In the years since U.S. military strategy shifted to focus on great power rivalries, Taiwan has come to be regarded as pivotal to the future of Pacific security.
If China were to invade and occupy the island nation, it would be a sharp regional turning point, marking a profound setback for U.S. security.
Today, in the aftermath of Russia’s invasion of Ukraine, another country has assumed similar status in U.S. military plans.
That country is Poland, the NATO member that now will likely share the longest border with hostile territories under the control of Moscow.
The prevailing view among Kremlin watchers in the West is that Putin is intent on rebuilding the buffer of satellite countries between his nation and the West, if not recreating the old Russian empire.
Putin certainly did nothing to discourage that view when he demanded in the runup to the Ukraine campaign that NATO cease military operations in former Soviet republics and satellite states.
With the gradual reabsorption of Belarus into greater Russia and the expected installation of a Russian puppet regime in Kyiv, Poland will inevitably become a critical venue for East-West military rivalries in Europe.
The good news is that Poland is an advanced economy of 38 million with close ties to the West, a member of both NATO and the European Union.
Unlike other countries that now face the prospect of sharing a common border with the new Russian empire, it has the material wherewithal and cultural unity to defend itself in any conflict short of nuclear war.
Whatever tensions may have previously existed between Warsaw and other Western capitals will now be largely forgotten in the face of Russian aggression.
However, the bad news is that Poland is already half-surrounded by territories likely to be under the control of its enemies.
In addition to its 600-kilometer border with Belarus and Ukraine in the east, the heavily militarized Russian enclave of Kaliningrad occupies a strategic position on the Baltic Sea to the north.
Russian air defenses located in Kaliningrad and western Belarus cover most of Polish territory, and the entire country is well within the unrefueled combat radius of Russian tactical aircraft.

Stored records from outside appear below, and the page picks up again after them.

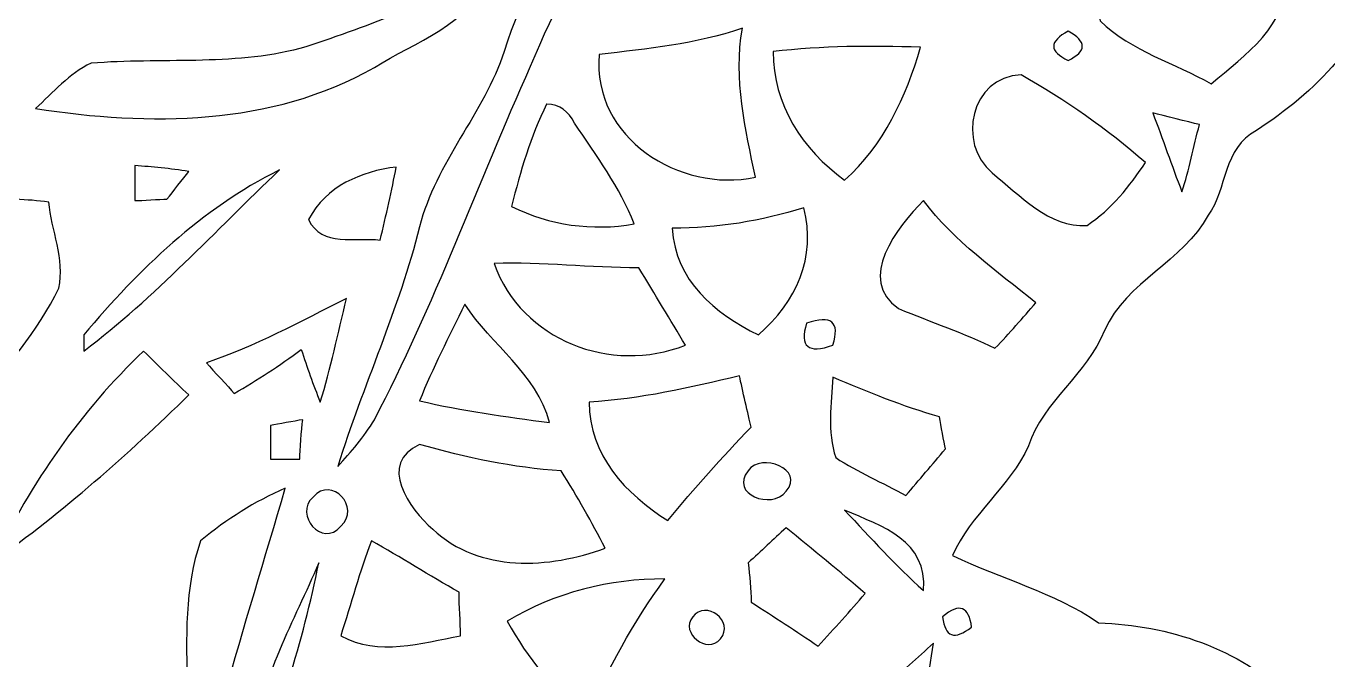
# Model space of a CAD drawing. Extents: x -110 to 93, y -182 to 230.
# Drawn here: x -45.53 to -15.32, y -76.96 to -62.25 of the extents above; entities that cross this region are included whole.
import ezdxf

# ---------------------------------------------------------------- set-up
doc = ezdxf.new("R2010")
doc.units = 0
doc.header["$MEASUREMENT"] = 0
doc.layers.add('LAAG_1', color=7, linetype='CONTINUOUS')

msp = doc.modelspace()

# ---------------------------------------------------------------- linework, layer by layer
at = {"layer": 'LAAG_1', "color": 250}
for points, knots in [([(6.4638, -48.1383), (7.9885, -47.9015), (9.6491, -48.3076), (11.1065, -47.5285), (11.1065, -47.5285), (12.6308, -48.1038), (14.1889, -48.9511), (15.8492, -48.3076), (15.8492, -48.3076), (16.8327, -49.0536), (17.7127, -50.1369), (19.0344, -50.2394), (19.0344, -50.2394), (19.6444, -51.9331), (20.8638, -53.3565), (22.6596, -53.7631), (22.6596, -53.7631), (23.3379, -54.7108), (23.982, -55.6944), (24.964, -56.3717), (24.964, -56.3717), (24.998, -57.1513), (24.8961, -57.9981), (25.0995, -58.7778), (25.0995, -58.7778), (25.4384, -59.4214), (25.9806, -59.9295), (26.3193, -60.5736), (26.3193, -60.5736), (25.9465, -61.3863), (25.6753, -62.2674), (25.5397, -63.1485), (25.5397, -63.1485), (24.8963, -63.8603), (24.0493, -64.4026), (23.4724, -65.1475), (23.4724, -65.1475), (23.2024, -65.9608), (23.3709, -66.8078), (23.2696, -67.6552), (23.2696, -67.6552), (22.8971, -68.1974), (22.2194, -68.4342), (21.7449, -68.9082), (21.7449, -68.9082), (20.9658, -69.4168), (20.8302, -70.4328), (20.4915, -71.2809), (20.4915, -71.2809), (18.5933, -71.6522), (16.5947, -72.5343), (15.7473, -74.4314), (15.7473, -74.4314), (14.6298, -74.567), (13.4098, -74.7704), (12.6306, -75.651), (12.6306, -75.651), (12.0208, -76.4642), (10.9363, -76.0244), (10.0895, -76.0917), (10.0895, -76.0917), (8.9031, -76.1595), (8.157, -77.2102), (7.3107, -77.8875), (7.3107, -77.8875), (6.4638, -78.1585), (5.5485, -77.6164), (4.668, -77.8202), (4.668, -77.8202), (3.8212, -77.8875), (3.2789, -78.9377), (2.3973, -78.7679), (2.3973, -78.7679), (1.0419, -78.5315), (-0.3126, -78.5315), (-1.6679, -78.7013), (-1.6679, -78.7013), (-2.312, -78.9718), (-2.888, -79.3785), (-3.5322, -79.616), (-3.5322, -79.616), (-4.3448, -79.4805), (-5.0904, -79.0739), (-5.9378, -79.0401), (-5.9378, -79.0401), (-7.8352, -79.1069), (-9.631, -78.0902), (-11.5625, -78.4975), (-11.5625, -78.4975), (-13.019, -77.786), (-14.6457, -77.5149), (-16.2043, -77.8543), (-16.2043, -77.8543), (-17.3902, -76.6681), (-19.0162, -76.1595), (-20.6432, -76.0917), (-20.6432, -76.0917), (-21.6936, -75.3808), (-22.9131, -75.0757), (-24.0314, -74.5329), (-24.0314, -74.5329), (-23.6247, -73.5846), (-22.7094, -72.941), (-22.2689, -71.9922), (-22.2689, -71.9922), (-21.9303, -70.9419), (-20.9138, -70.3315), (-20.5073, -69.3153), (-20.5073, -69.3153), (-19.9985, -68.1638), (-18.6772, -67.7225), (-18.1019, -66.6386), (-18.1019, -66.6386), (-17.6613, -66.0286), (-17.7632, -65.0803), (-16.9836, -64.673), (-16.9836, -64.673), (-15.6279, -63.7921), (-14.3743, -62.5721), (-14.0355, -60.8782), (-14.0355, -60.8782), (-12.8835, -60.0314), (-11.6294, -59.2518), (-10.8169, -58.0324), (-10.8169, -58.0324), (-9.0551, -57.3551), (-8.3774, -55.457), (-6.7506, -54.6095), (-6.7506, -54.6095), (-5.8028, -54.1355), (-5.2595, -53.2546), (-4.9207, -52.3056), (-4.9207, -52.3056), (-3.7012, -52.0352), (-2.6505, -51.3233), (-1.7022, -50.5111), (-1.7022, -50.5111), (-1.1935, -50.0355), (-0.4481, -50.1711), (0.1619, -50.0355), (0.1619, -50.0355), (1.0419, -49.9005), (1.6524, -49.2228), (2.3301, -48.7815), (2.3301, -48.7815), (3.7192, -48.6458), (5.2444, -49.0536), (6.4638, -48.1385), (6.4638, -48.1385), (6.4638, -48.1385), (6.4638, -48.1383), (6.4638, -48.1383)], [0, 0, 0, 0, 0.0263158, 0.0263158, 0.0263158, 0.0263158, 0.0526316, 0.0526316, 0.0526316, 0.0526316, 0.0789474, 0.0789474, 0.0789474, 0.0789474, 0.1052632, 0.1052632, 0.1052632, 0.1052632, 0.1315789, 0.1315789, 0.1315789, 0.1315789, 0.1578947, 0.1578947, 0.1578947, 0.1578947, 0.1842105, 0.1842105, 0.1842105, 0.1842105, 0.2105263, 0.2105263, 0.2105263, 0.2105263, 0.2368421, 0.2368421, 0.2368421, 0.2368421, 0.2631579, 0.2631579, 0.2631579, 0.2631579, 0.2894737, 0.2894737, 0.2894737, 0.2894737, 0.3157895, 0.3157895, 0.3157895, 0.3157895, 0.3421053, 0.3421053, 0.3421053, 0.3421053, 0.3684211, 0.3684211, 0.3684211, 0.3684211, 0.3947368, 0.3947368, 0.3947368, 0.3947368, 0.4210526, 0.4210526, 0.4210526, 0.4210526, 0.4473684, 0.4473684, 0.4473684, 0.4473684, 0.4736842, 0.4736842, 0.4736842, 0.4736842, 0.5, 0.5, 0.5, 0.5, 0.5263158, 0.5263158, 0.5263158, 0.5263158, 0.5526316, 0.5526316, 0.5526316, 0.5526316, 0.5789474, 0.5789474, 0.5789474, 0.5789474, 0.6052632, 0.6052632, 0.6052632, 0.6052632, 0.6315789, 0.6315789, 0.6315789, 0.6315789, 0.6578947, 0.6578947, 0.6578947, 0.6578947, 0.6842105, 0.6842105, 0.6842105, 0.6842105, 0.7105263, 0.7105263, 0.7105263, 0.7105263, 0.7368421, 0.7368421, 0.7368421, 0.7368421, 0.7631579, 0.7631579, 0.7631579, 0.7631579, 0.7894737, 0.7894737, 0.7894737, 0.7894737, 0.8157895, 0.8157895, 0.8157895, 0.8157895, 0.8421053, 0.8421053, 0.8421053, 0.8421053, 0.8684211, 0.8684211, 0.8684211, 0.8684211, 0.8947368, 0.8947368, 0.8947368, 0.8947368, 0.9210526, 0.9210526, 0.9210526, 0.9210526, 0.9473684, 0.9473684, 0.9473684, 0.9473684, 0.9736842, 0.9736842, 0.9736842, 0.9736842, 1, 1, 1, 1]), ([(-32.5022, -59.3199), (-31.7565, -57.9645), (-30.9433, -56.6091), (-29.8588, -55.4911), (-29.8588, -55.4911), (-31.1126, -58.0654), (-32.7053, -60.5059), (-33.8237, -63.1821), (-33.8237, -63.1821), (-35.0435, -65.8931), (-36.0597, -68.7395), (-37.449, -71.3822), (-37.449, -71.3822), (-37.6862, -71.7883), (-37.9912, -72.1277), (-38.2959, -72.4665), (-38.2959, -72.4665), (-37.7202, -70.603), (-36.8726, -68.8068), (-36.3991, -66.9097), (-36.3991, -66.9097), (-36.0259, -65.4192), (-34.9077, -64.2664), (-34.4334, -62.8438), (-34.4334, -62.8438), (-34.0602, -61.5223), (-33.2814, -60.4039), (-32.5022, -59.3201), (-32.5022, -59.3201), (-32.5022, -59.3201), (-32.5022, -59.3199), (-32.5022, -59.3199)], [0, 0, 0, 0, 0.125, 0.125, 0.125, 0.125, 0.25, 0.25, 0.25, 0.25, 0.375, 0.375, 0.375, 0.375, 0.5, 0.5, 0.5, 0.5, 0.625, 0.625, 0.625, 0.625, 0.75, 0.75, 0.75, 0.75, 0.875, 0.875, 0.875, 0.875, 1, 1, 1, 1]), ([(-19.5582, -59.1162), (-19.0846, -58.8456), (-18.7791, -59.4214), (-18.4738, -59.6589), (-18.4738, -59.6589), (-17.8641, -60.3361), (-16.9836, -60.6414), (-16.2381, -61.0816), (-16.2381, -61.0816), (-16.272, -62.2338), (-17.2209, -62.9115), (-18.0335, -63.5887), (-18.0335, -63.5887), (-18.881, -63.1147), (-19.8636, -62.8438), (-20.6091, -62.1319), (-20.6091, -62.1319), (-20.8459, -61.0138), (-20.2702, -59.9295), (-19.5582, -59.1162), (-19.5582, -59.1162), (-19.5582, -59.1162), (-19.5582, -59.1162), (-19.5582, -59.1162)], [0, 0, 0, 0, 0.1666667, 0.1666667, 0.1666667, 0.1666667, 0.3333333, 0.3333333, 0.3333333, 0.3333333, 0.5, 0.5, 0.5, 0.5, 0.6666667, 0.6666667, 0.6666667, 0.6666667, 0.8333333, 0.8333333, 0.8333333, 0.8333333, 1, 1, 1, 1]), ([(-39.1766, -62.7755), (-37.6862, -62.3015), (-36.1954, -61.6916), (-34.7718, -61.0816), (-34.7718, -61.0816), (-35.2466, -62.2338), (-36.4999, -62.6063), (-37.449, -63.2162), (-37.449, -63.2162), (-39.8546, -64.5717), (-42.667, -64.5717), (-45.3097, -64.1651), (-45.3097, -64.1651), (-44.9032, -63.7921), (-44.5304, -63.3513), (-44.0223, -63.1149), (-44.0223, -63.1149), (-42.396, -62.9792), (-40.7693, -63.1821), (-39.1766, -62.7755), (-39.1766, -62.7755), (-39.1766, -62.7755), (-39.1766, -62.7755), (-39.1766, -62.7755)], [0, 0, 0, 0, 0.1666667, 0.1666667, 0.1666667, 0.1666667, 0.3333333, 0.3333333, 0.3333333, 0.3333333, 0.5, 0.5, 0.5, 0.5, 0.6666667, 0.6666667, 0.6666667, 0.6666667, 0.8333333, 0.8333333, 0.8333333, 0.8333333, 1, 1, 1, 1]), ([(-32.2308, -62.9115), (-31.1126, -62.7755), (-29.9943, -62.674), (-28.9105, -62.3016), (-28.9105, -62.3016), (-29.1136, -63.4868), (-28.8425, -64.6394), (-28.6053, -65.7575), (-28.6053, -65.7575), (-30.3669, -66.1305), (-32.4004, -64.8428), (-32.231, -62.9115), (-32.231, -62.9115), (-32.231, -62.9115), (-32.2308, -62.9115), (-32.2308, -62.9115)], [0, 0, 0, 0, 0.25, 0.25, 0.25, 0.25, 0.5, 0.5, 0.5, 0.5, 0.75, 0.75, 0.75, 0.75, 1, 1, 1, 1]), ([(-21.3542, -62.3687), (-20.9136, -62.6062), (-20.9138, -62.8438), (-21.3542, -63.0466), (-21.3542, -63.0466), (-21.795, -62.8438), (-21.795, -62.6063), (-21.3542, -62.3687), (-21.3542, -62.3687), (-21.3542, -62.3687), (-21.3542, -62.3687), (-21.3542, -62.3687)], [0, 0, 0, 0, 0.3333333, 0.3333333, 0.3333333, 0.3333333, 0.6666667, 0.6666667, 0.6666667, 0.6666667, 1, 1, 1, 1]), ([(-28.1985, -62.8438), (-27.0467, -62.7076), (-25.9289, -62.7076), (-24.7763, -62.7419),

To make matters worse, there are few geographic obstacles on the North European Plain to slow a westward advance by ground forces coming from Belarus and Russia.
So, if Poland is to defend itself in a future installment of Putin’s campaign of conquest, it will need to be heavily armed.
At the moment, it isn’t: the country has fewer than a thousand tanks, and its modest air force of 452 aircraft contains only 91 fighters.
Much of the equipment is old, and would not fare well in a war with Russia’s recently modernized forces.
Although Poland is one of the few European NATO nations that has met the commitment to invest 2% of GDP in military preparations, U.S. military planners have recognized since Russia’s annexation of Crimea in 2014 that the country will require heavy assistance to defend its territory in a war.
Washington has gradually moved to provide Warsaw with advanced military equipment suited to the defeat of Russian forces, most notably in the form of 32 F-35 multirole fighters, the first of which it’s scheduled to receive in 2024; up to eight batteries of Patriot integrated air defense systems, which will start to arrive at the end of this year; and—most recently—a deal for 250 advanced versions of the M1A2 main battle tank.
Each of these weapons outclasses Russian counterparts, but it will take years before most of them reach Polish forces.
Given the inscrutability of Putin and his plans, Poland may not have years—Washington needs to think about accelerating the delivery of modern weapons to Warsaw.
One key facet of U.S. military plans that predated the Ukraine crisis was the dispatch of rotating American forces into Poland on a regular basis.
In recent years nearly 5,000 U.S. troops have been in Poland on any given day, and a command infrastructure has been established to coordinate the activities of NATO forces throughout the region.
Russia’s ongoing aggression in Ukraine has likely settled the debate about whether the U.S. troop presence in Poland should be rotational or permanent: permanent deployment of at least one U.S. armored brigade is now highly likely.
Washington has been investing for years in infrastructure and prepositioned supplies to support troop rotations, so it should be possible to stand up a permanent U.S. ground presence quickly.
The value of that permanent U.S. presence will transcend its tangible warfighting capabilities by signaling to Moscow that any invasion of Poland would inevitably lead to direct war with the United States.
The U.S. maintained a similar “tripwire” defense of Western Europe throughout the Cold War.
Poland has a number of features beyond its geographical location that recommend the nation as a pivotal player in Western security.
Unlike Ukraine, Poland is ethnically homogenous, has a vibrant free-market economy, and a liberal political culture.
Its people also share a profound cultural awareness of the danger posed by Russia—a danger that traces back to the efforts of Catherine the Great to partition the Polish-Lithuanian commonwealth centuries ago.
Few countries have so frequently suffered the outrages of alien invasion, and yet these repeated atrocities seem to have forged a strong sense of national identity that will make Poland a reliable ally of the United States in the years ahead.
That’s a good thing, because with Russia on the march, Poland now looks indispensable to the defense of the West.